- [PROMPT]
Copy every line that holds the string "copper" from the data below.

- [Stored data]
- - - - - - -
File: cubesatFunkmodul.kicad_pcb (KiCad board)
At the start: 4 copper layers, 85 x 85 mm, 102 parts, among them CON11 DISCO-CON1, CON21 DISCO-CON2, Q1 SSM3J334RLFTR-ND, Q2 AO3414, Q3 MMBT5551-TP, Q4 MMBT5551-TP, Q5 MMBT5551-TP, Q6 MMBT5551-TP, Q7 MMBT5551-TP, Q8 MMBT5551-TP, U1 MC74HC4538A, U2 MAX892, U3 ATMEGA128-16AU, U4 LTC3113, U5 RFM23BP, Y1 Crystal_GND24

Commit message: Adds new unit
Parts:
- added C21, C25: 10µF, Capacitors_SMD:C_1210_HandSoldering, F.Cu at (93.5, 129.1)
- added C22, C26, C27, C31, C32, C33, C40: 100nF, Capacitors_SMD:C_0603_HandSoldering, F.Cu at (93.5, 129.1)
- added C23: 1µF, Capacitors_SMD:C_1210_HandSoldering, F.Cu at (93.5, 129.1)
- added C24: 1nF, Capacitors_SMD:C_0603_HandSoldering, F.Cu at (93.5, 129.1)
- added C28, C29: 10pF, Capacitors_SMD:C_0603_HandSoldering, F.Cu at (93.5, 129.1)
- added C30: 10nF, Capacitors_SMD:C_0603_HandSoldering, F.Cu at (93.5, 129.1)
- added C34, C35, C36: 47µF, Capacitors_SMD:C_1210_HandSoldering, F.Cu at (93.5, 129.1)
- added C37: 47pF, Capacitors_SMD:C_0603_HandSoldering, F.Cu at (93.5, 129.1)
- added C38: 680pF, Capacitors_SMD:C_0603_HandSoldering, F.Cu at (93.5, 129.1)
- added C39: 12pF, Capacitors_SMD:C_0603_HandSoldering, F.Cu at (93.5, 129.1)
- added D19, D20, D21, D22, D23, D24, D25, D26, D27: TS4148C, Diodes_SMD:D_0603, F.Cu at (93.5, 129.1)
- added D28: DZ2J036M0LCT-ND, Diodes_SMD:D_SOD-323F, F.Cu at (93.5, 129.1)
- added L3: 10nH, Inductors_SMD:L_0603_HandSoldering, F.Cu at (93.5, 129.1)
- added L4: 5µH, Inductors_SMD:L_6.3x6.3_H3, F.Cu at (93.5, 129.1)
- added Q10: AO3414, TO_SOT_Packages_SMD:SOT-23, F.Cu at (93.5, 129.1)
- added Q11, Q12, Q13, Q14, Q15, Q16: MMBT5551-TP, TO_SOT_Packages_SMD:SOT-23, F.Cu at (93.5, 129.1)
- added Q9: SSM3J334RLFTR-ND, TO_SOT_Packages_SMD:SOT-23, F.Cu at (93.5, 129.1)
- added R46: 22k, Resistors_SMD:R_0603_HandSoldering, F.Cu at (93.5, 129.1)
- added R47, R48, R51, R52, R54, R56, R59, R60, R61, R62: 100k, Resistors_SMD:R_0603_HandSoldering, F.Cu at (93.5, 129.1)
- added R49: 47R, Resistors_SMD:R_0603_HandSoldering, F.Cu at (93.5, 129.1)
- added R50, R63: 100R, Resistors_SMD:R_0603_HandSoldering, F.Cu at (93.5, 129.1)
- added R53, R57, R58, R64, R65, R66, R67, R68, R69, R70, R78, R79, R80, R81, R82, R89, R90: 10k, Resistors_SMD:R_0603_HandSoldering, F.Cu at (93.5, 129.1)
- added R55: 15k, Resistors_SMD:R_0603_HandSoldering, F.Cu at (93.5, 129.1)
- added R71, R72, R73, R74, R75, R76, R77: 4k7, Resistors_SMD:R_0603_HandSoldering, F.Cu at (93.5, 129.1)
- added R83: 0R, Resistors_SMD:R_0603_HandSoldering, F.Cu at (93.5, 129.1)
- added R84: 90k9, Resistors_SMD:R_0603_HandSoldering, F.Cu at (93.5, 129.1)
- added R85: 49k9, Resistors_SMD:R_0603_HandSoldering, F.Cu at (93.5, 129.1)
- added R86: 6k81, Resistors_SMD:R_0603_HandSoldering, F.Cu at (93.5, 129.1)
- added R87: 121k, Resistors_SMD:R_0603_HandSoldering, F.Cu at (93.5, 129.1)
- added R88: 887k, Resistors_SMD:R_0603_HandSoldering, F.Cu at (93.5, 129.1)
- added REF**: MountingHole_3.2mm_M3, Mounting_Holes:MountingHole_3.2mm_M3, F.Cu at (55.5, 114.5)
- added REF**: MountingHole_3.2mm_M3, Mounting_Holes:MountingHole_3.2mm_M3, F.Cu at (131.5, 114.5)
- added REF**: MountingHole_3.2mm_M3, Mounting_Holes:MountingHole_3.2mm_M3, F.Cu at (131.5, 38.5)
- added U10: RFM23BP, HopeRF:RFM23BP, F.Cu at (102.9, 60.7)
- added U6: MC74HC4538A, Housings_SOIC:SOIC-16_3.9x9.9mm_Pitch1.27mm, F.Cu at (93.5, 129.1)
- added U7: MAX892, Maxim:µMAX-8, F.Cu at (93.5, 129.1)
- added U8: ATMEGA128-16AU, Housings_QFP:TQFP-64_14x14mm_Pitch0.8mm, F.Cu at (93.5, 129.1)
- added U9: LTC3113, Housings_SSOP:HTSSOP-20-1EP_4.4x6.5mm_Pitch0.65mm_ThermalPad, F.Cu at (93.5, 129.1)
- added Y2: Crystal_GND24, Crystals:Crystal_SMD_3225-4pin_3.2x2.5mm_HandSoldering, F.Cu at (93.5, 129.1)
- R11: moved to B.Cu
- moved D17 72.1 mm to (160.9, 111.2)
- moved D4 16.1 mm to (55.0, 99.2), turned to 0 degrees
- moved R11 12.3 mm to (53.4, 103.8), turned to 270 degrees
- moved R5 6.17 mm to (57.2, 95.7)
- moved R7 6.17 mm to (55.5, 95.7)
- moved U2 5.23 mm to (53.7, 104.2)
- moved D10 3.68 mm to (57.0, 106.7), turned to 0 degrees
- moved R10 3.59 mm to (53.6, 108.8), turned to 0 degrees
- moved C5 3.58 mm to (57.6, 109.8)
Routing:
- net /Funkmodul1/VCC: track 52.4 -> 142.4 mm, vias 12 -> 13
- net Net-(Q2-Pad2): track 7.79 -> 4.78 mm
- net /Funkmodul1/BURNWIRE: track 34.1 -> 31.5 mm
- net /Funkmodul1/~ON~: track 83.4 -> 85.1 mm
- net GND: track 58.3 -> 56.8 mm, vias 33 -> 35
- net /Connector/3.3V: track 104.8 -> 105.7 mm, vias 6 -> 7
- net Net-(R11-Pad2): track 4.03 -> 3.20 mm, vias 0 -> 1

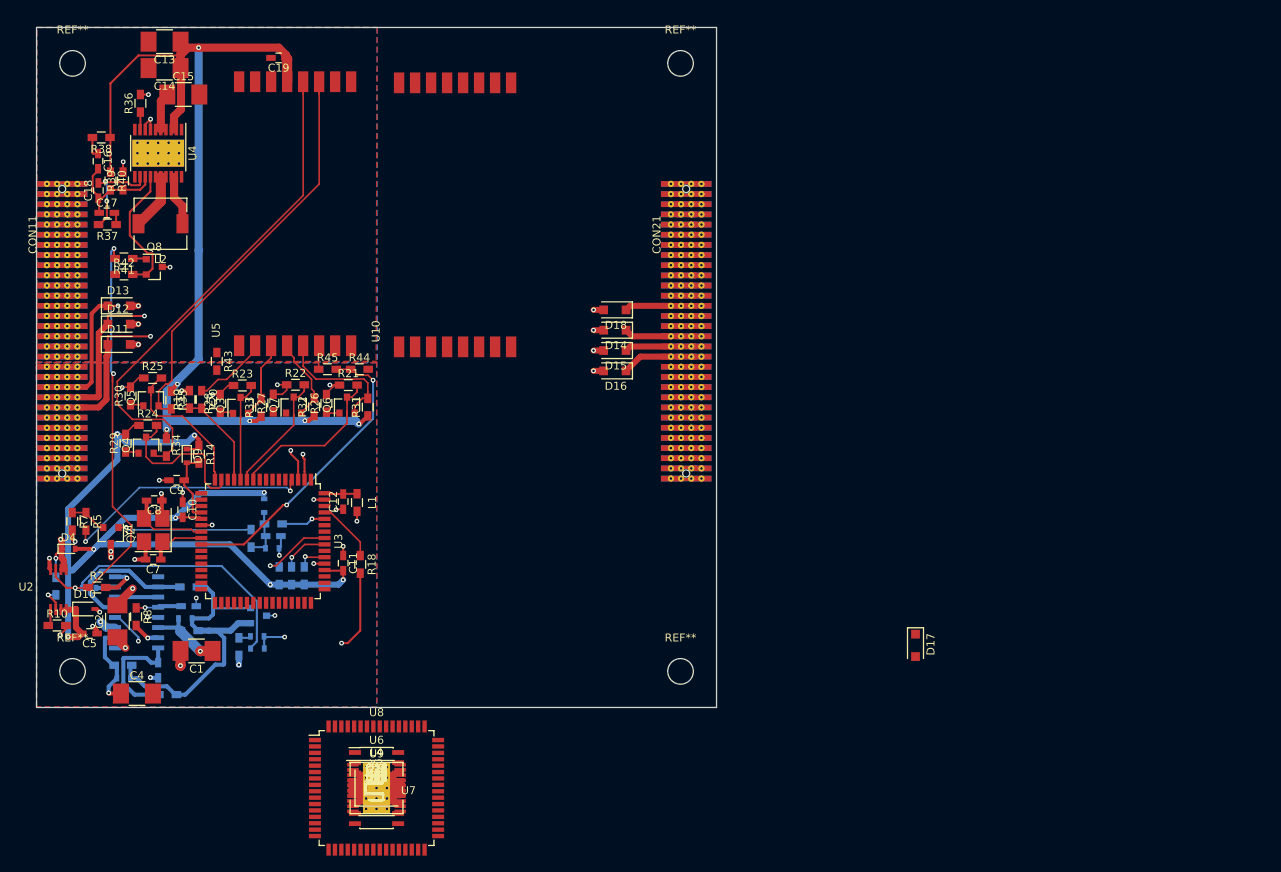
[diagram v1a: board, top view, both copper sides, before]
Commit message: Places µC of second module
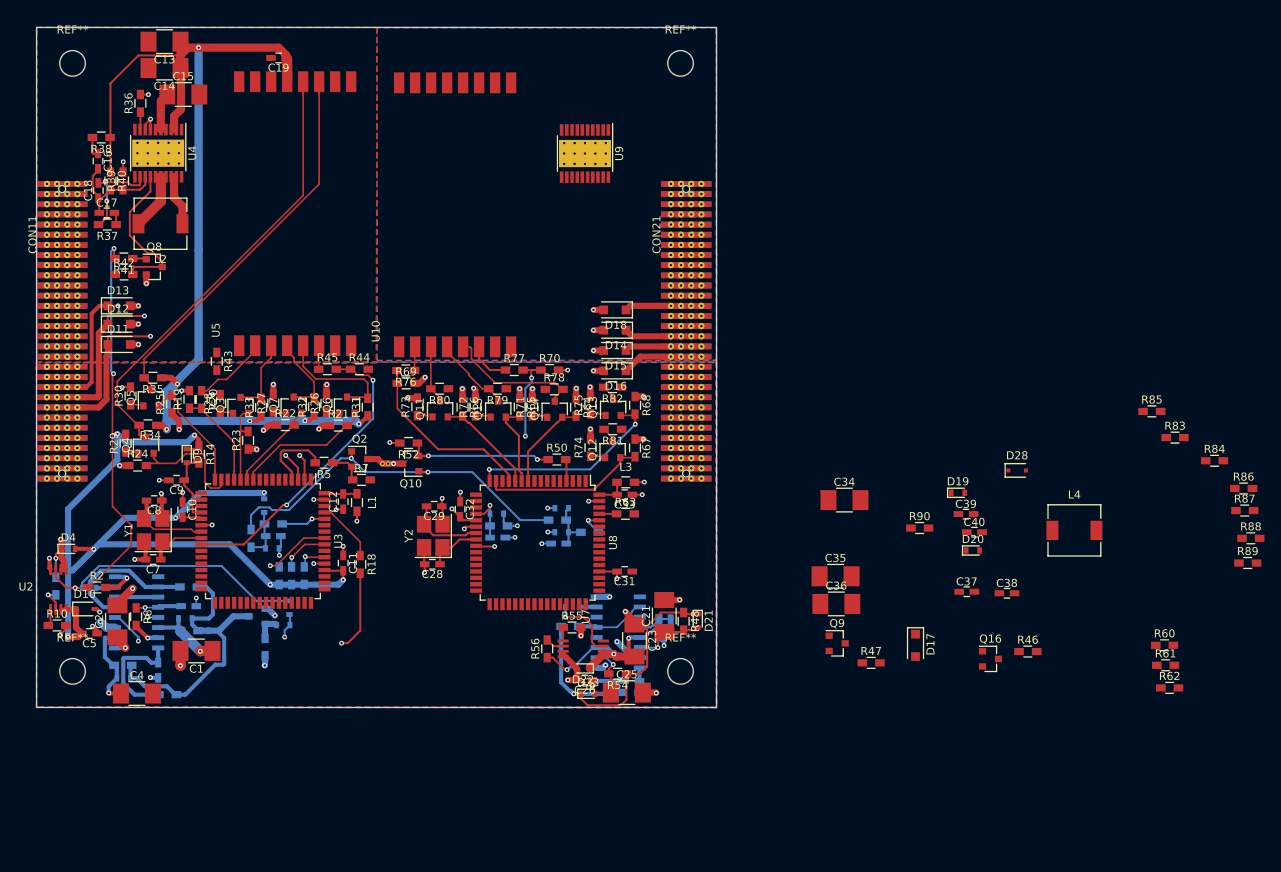
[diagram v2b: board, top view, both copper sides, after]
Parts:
- added REF**: VIA-0.6, connect-sm:VIA-0.6, F.Cu at (94.2, 88.5)
- added REF**: VIA-0.6, connect-sm:VIA-0.6, F.Cu at (95.0, 88.5)
- C22, C24, C27, C30, D24, D25, D26, D27, R49, R51, R53, R57, R58, R59, U6: moved to B.Cu
- moved R86 114.7 mm to (201.9, 91.6)
- moved R87 113.9 mm to (202.0, 94.4)
- moved R88 113.7 mm to (202.8, 97.9)
- moved R89 112.5 mm to (202.4, 100.9)
- moved R84 112.5 mm to (198.3, 88.2)
- moved R83 109.0 mm to (193.3, 85.3)
- moved R85 107.7 mm to (190.4, 82.0)
- moved R60 100.1 mm to (192.0, 111.2)
- moved R62 99.9 mm to (192.6, 116.5)
- moved R61 99.8 mm to (192.1, 113.7)
- moved L4 93.0 mm to (180.7, 96.9)
- moved D28 89.4 mm to (173.6, 89.4)
- moved U9 83.5 mm to (119.6, 49.8), turned to 270 degrees
- moved R46 83.2 mm to (174.9, 112.0)
- moved C38 82.5 mm to (172.3, 104.7)
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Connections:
- Q1 pad 1: Net-(D3-Pad1) -> /Connector/3.3V
- Q1 pad 3: /Connector/3.3V -> Net-(D3-Pad1)
- Q11 pad 2: /Funkmodul2/Funkeinheit2/MOSI_ -> /Funkmodul2/Funkeinheit2/MOSI
- Q11 pad 3: /Funkmodul2/Funkeinheit2/MOSI -> /Funkmodul2/Funkeinheit2/MOSI_
- Q12 pad 2: /Funkmodul2/Funkeinheit2/RXON_ -> /Funkmodul2/Funkeinheit2/RXON
- Q12 pad 3: /Funkmodul2/Funkeinheit2/RXON -> /Funkmodul2/Funkeinheit2/RXON_
- Q13 pad 2: /Funkmodul2/Funkeinheit2/TXON_ -> /Funkmodul2/Funkeinheit2/TXON
- Q13 pad 3: /Funkmodul2/Funkeinheit2/TXON -> /Funkmodul2/Funkeinheit2/TXON_
- Q14 pad 2: /Funkmodul2/Funkeinheit2/SS_ -> /Funkmodul2/Funkeinheit2/SS
- Q14 pad 3: /Funkmodul2/Funkeinheit2/SS -> /Funkmodul2/Funkeinheit2/SS_
- Q15 pad 2: /Funkmodul2/Funkeinheit2/SCK_ -> /Funkmodul2/Funkeinheit2/SCK
- Q15 pad 3: /Funkmodul2/Funkeinheit2/SCK -> /Funkmodul2/Funkeinheit2/SCK_
- Q16 pad 2: Net-(Q16-Pad2) -> GND
- Q16 pad 3: GND -> Net-(Q16-Pad3)
- Q3 pad 2: /Funkmodul1/Funkeinheit/MOSI_ -> /Funkmodul1/Funkeinheit/MOSI
- Q3 pad 3: /Funkmodul1/Funkeinheit/MOSI -> /Funkmodul1/Funkeinheit/MOSI_
- Q4 pad 2: /Funkmodul1/Funkeinheit/RXON_ -> /Funkmodul1/Funkeinheit/RXON
- Q4 pad 3: /Funkmodul1/Funkeinheit/RXON -> /Funkmodul1/Funkeinheit/RXON_
- Q5 pad 2: /Funkmodul1/Funkeinheit/TXON_ -> /Funkmodul1/Funkeinheit/TXON
- Q5 pad 3: /Funkmodul1/Funkeinheit/TXON -> /Funkmodul1/Funkeinheit/TXON_
- Q6 pad 2: /Funkmodul1/Funkeinheit/SS_ -> /Funkmodul1/Funkeinheit/SS
- Q6 pad 3: /Funkmodul1/Funkeinheit/SS -> /Funkmodul1/Funkeinheit/SS_
- Q7 pad 2: /Funkmodul1/Funkeinheit/SCK_ -> /Funkmodul1/Funkeinheit/SCK
- Q7 pad 3: /Funkmodul1/Funkeinheit/SCK -> /Funkmodul1/Funkeinheit/SCK_
- Q8 pad 2: Net-(Q8-Pad2) -> GND
- Q8 pad 3: GND -> Net-(Q8-Pad3)
- Q9 pad 1: Net-(D21-Pad1) -> /Funkmodul2/3.3V
- Q9 pad 3: /Funkmodul2/3.3V -> Net-(D21-Pad1)
- R42 pad 2: Net-(Q8-Pad2) -> Net-(Q8-Pad3)
- R90 pad 2: Net-(Q16-Pad2) -> Net-(Q16-Pad3)
- U4 pad 14: Net-(Q8-Pad2) -> Net-(Q8-Pad3)
- U9 pad 14: Net-(Q16-Pad2) -> Net-(Q16-Pad3)
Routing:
- net GND: track 56.8 -> 99.5 mm, vias 35 -> 54
- net Net-(D21-Pad1): track 0.00 -> 41.4 mm, vias 0 -> 1
- net WIRE_CONN: track 16.7 -> 47.5 mm, vias 1 -> 2
- net /Funkmodul2/VCC: track 0.00 -> 29.5 mm, vias 0 -> 16
- net /Funkmodul2/Funkeinheit2/NIRQ: track 0.00 -> 28.6 mm, vias 0 -> 3
- net /Funkmodul2/3.3V: track 0.00 -> 26.3 mm, vias 0 -> 3
- net /Funkmodul2/Funkeinheit2/TXON: track 0.00 -> 25.2 mm, vias 0 -> 2
- net /Funkmodul2/Funkeinheit2/MISO: track 0.00 -> 22.9 mm
- net /Funkmodul1/BURNWIRE: track 31.5 -> 9.65 mm, vias 2 -> 0
- net /Funkmodul2/Funkeinheit2/RXON: track 0.00 -> 20.5 mm
- net Net-(Q8-Pad3): track 0.00 -> 19.0 mm
- net Net-(Q10-Pad2): track 0.00 -> 18.1 mm, vias 0 -> 2
- net /Funkmodul2/Funkeinheit2/SS_: track 0.00 -> 17.4 mm
- net Net-(Q8-Pad2): track 16.8 -> 0.00 mm
- net /Funkmodul2/Funkeinheit2/MOSI: track 0.00 -> 12.9 mm
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- added copper zone on B.Cu, net /Funkmodul2/Funkeinheit2/PGND
- added copper zone on F.Cu, net /Funkmodul2/Funkeinheit2/PGND
- added copper zone on In2.Cu, net /Funkmodul2/VCC

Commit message: Places all Components of second module
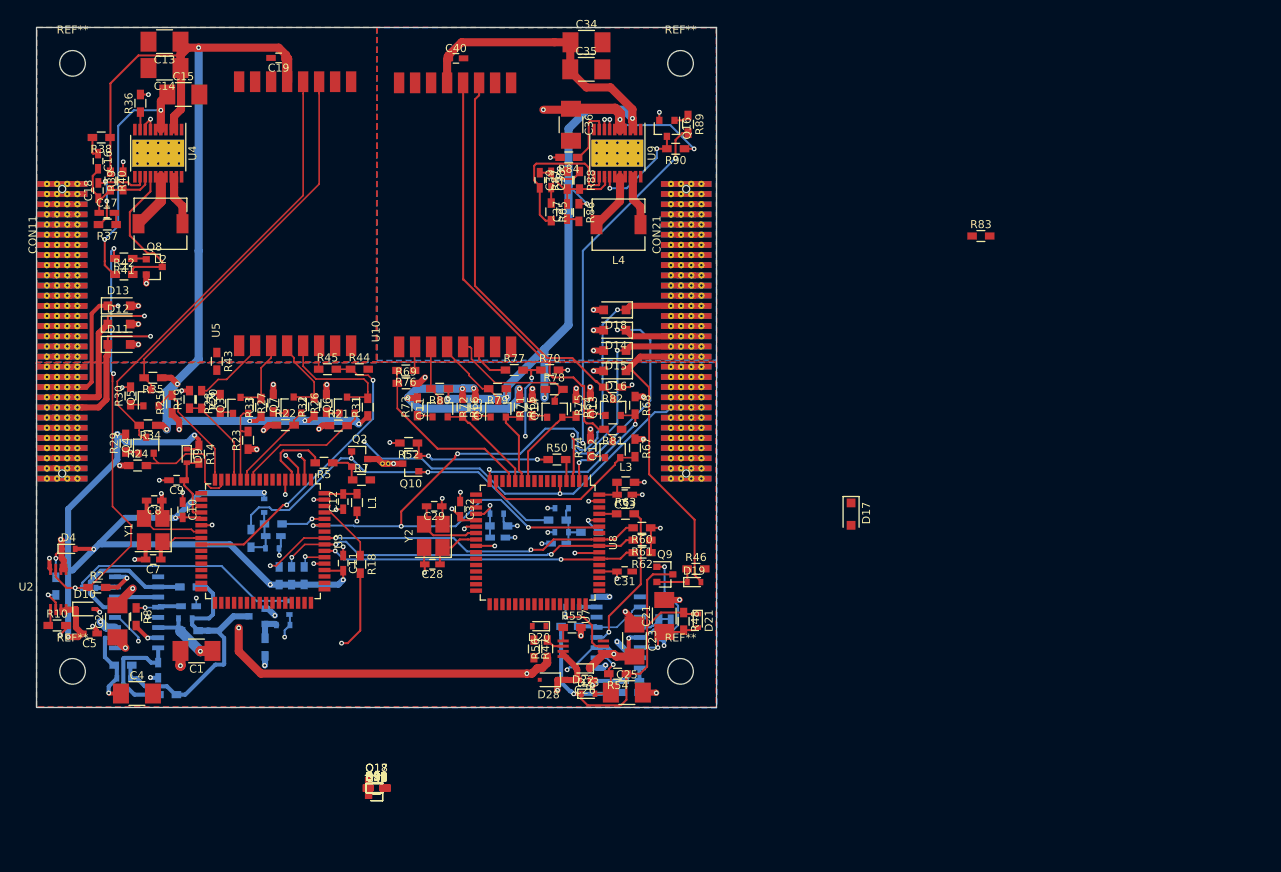
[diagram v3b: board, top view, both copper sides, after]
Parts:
- added C41, C42: 100nF, Capacitors_SMD:C_0603_HandSoldering, F.Cu at (93.5, 129.1)
- added D29, D30, D31, D32: TS4148C, Diodes_SMD:D_0603, F.Cu at (93.5, 129.1)
- added Q17, Q18: AO3414, TO_SOT_Packages_SMD:SOT-23, F.Cu at (93.5, 129.1)
- added R91, R95: 100R, Resistors_SMD:R_0603_HandSoldering, F.Cu at (93.5, 129.1)
- added R92, R96: 100k, Resistors_SMD:R_0603_HandSoldering, F.Cu at (93.5, 129.1)
- added R93, R94, R97, R98: 10k, Resistors_SMD:R_0603_HandSoldering, F.Cu at (93.5, 129.1)
- moved R88 95.1 mm to (118.9, 53.1), turned to 270 degrees
- moved R87 94.2 mm to (117.3, 53.1), turned to 90 degrees
- moved R86 90.0 mm to (118.8, 57.1), turned to 270 degrees
- moved R84 89.2 mm to (117.5, 50.2), turned to 180 degrees
- moved R89 88.9 mm to (132.4, 46.1), turned to 270 degrees
- moved C40 87.8 mm to (103.4, 37.9)
- moved R85 79.1 mm to (115.3, 57.1), turned to 270 degrees
- moved Q16 77.7 mm to (129.8, 46.6), turned to 270 degrees
- moved C38 76.9 mm to (115.3, 53.1), turned to 270 degrees
- moved C35 70.6 mm to (119.7, 39.2)
- moved C37 69.0 mm to (117.3, 57.0), turned to 90 degrees
- moved L4 68.6 mm to (123.7, 58.6), turned to 180 degrees
- moved C36 68.5 mm to (117.8, 46.2), turned to 270 degrees
- moved R62 68.1 mm to (126.7, 99.6), turned to 180 degrees
- moved C39 67.7 mm to (113.9, 53.1), turned to 270 degrees
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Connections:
- C23 pad 2: /Funkmodul2/3.3V -> /Connector/3.3V
- C24 pad 1: /Funkmodul2/3.3V -> /Connector/3.3V
- CON21 pad 16: /Connector/RX2 -> /Funkmodul2/RX
- CON21 pad 17: /Connector/TX2 -> /Funkmodul2/TX
- CON21 pad 6: /Connector/TDO-Rf -> /Funkmodul2/TDO
- D14 pad 1: /Connector/RX2 -> /Funkmodul2/RX
- D15 pad 1: /Connector/TX2 -> /Funkmodul2/TX
- D19 pad 2: /Funkmodul2/~MODULE_ON~ -> /Connector/~ENABLE2~
- D20 pad 2: /Funkmodul2/~MODULE_ON~ -> /Connector/~ENABLE2~
- D22 pad 1: /Funkmodul2/3.3V -> /Connector/3.3V
- Q9 pad 1: /Funkmodul2/3.3V -> /Connector/3.3V
- R56 pad 1: /Funkmodul2/3.3V -> /Connector/3.3V
- R60 pad 2: /Funkmodul2/TCK -> /Connector/TCK
- R61 pad 2: /Funkmodul2/TMS -> /Connector/TMS
- U3 pad 55: (no net) -> /Funkmodul2/TDI
- U3 pad 58: (no net) -> Net-(R94-Pad1)
- U6 pad 13: /Funkmodul2/3.3V -> /Connector/3.3V
- U6 pad 3: /Funkmodul2/3.3V -> /Connector/3.3V
- U7 pad 1: /Funkmodul2/3.3V -> /Connector/3.3V
- U7 pad 2: /Funkmodul2/3.3V -> /Connector/3.3V
- U8 pad 2: (no net) -> /Funkmodul2/RX
- U8 pad 3: (no net) -> /Funkmodul2/TX
- U8 pad 5: (no net) -> /Connector/~RBF~
- U8 pad 55: (no net) -> /Funkmodul2/TDO
- U8 pad 56: /Funkmodul2/TMS -> /Connector/TMS
- U8 pad 57: /Funkmodul2/TCK -> /Connector/TCK
- U8 pad 58: (no net) -> Net-(R98-Pad1)
- U8 pad 59: (no net) -> /Connector/BAT_OK
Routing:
- net /Funkmodul2/Funkeinheit2/5V: track 0.00 -> 122.9 mm, vias 0 -> 7
- net /Connector/TCK: track 9.40 -> 125.6 mm, vias 1 -> 3
- net /Connector/TMS: track 5.97 -> 117.5 mm, vias 1 -> 3
- net VBAT: track 6.02 -> 105.1 mm, vias 0 -> 5
- net /Connector/BAT_OK: track 5.82 -> 97.6 mm, vias 0 -> 5
- net /Connector/3.3V: track 106.3 -> 197.4 mm, vias 7 -> 13
- net /Funkmodul2/~ON~: track 8.75 -> 76.3 mm, vias 1 -> 3
- net /Funkmodul1/TDI: track 3.79 -> 70.5 mm
- net /Connector/~RBF~: track 0.00 -> 65.4 mm, vias 0 -> 3
- net /Funkmodul2/Funkeinheit2/RXON_: track 2.00 -> 55.3 mm
- net /Funkmodul2/TDO: track 0.00 -> 52.9 mm, vias 0 -> 1
- net /Funkmodul2/Funkeinheit2/TXON_: track 2.03 -> 48.9 mm
- net /Funkmodul2/VCC: track 29.5 -> 71.3 mm, vias 16 -> 17
- net /Funkmodul2/TDI: track 0.00 -> 39.4 mm, vias 0 -> 2
- net /Funkmodul2/RX: track 0.00 -> 33.7 mm, vias 0 -> 2
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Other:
- rule pad_to_mask_clearance: 0.2 -> 0.19
- - - - - - -
- [TASK SOLUTION]
At the start: 4 copper layers, 85 x 85 mm, 102 parts, among them CON11 DISCO-CON1, CON21 DISCO-CON2, Q1 SSM3J334RLFTR-ND, Q2 AO3414, Q3 MMBT5551-TP, Q4 MMBT5551-TP, Q5 MMBT5551-TP, Q6 MMBT5551-TP, Q7 MMBT5551-TP, Q8 MMBT5551-TP, U1 MC74HC4538A, U2 MAX892, U3 ATMEGA128-16AU, U4 LTC3113, U5 RFM23BP, Y1 Crystal_GND24
[diagram v1a: board, top view, both copper sides, before]
[diagram v2b: board, top view, both copper sides, after]
- added copper zone on B.Cu, net /Funkmodul2/Funkeinheit2/PGND
- added copper zone on F.Cu, net /Funkmodul2/Funkeinheit2/PGND
- added copper zone on In2.Cu, net /Funkmodul2/VCC
[diagram v3b: board, top view, both copper sides, after]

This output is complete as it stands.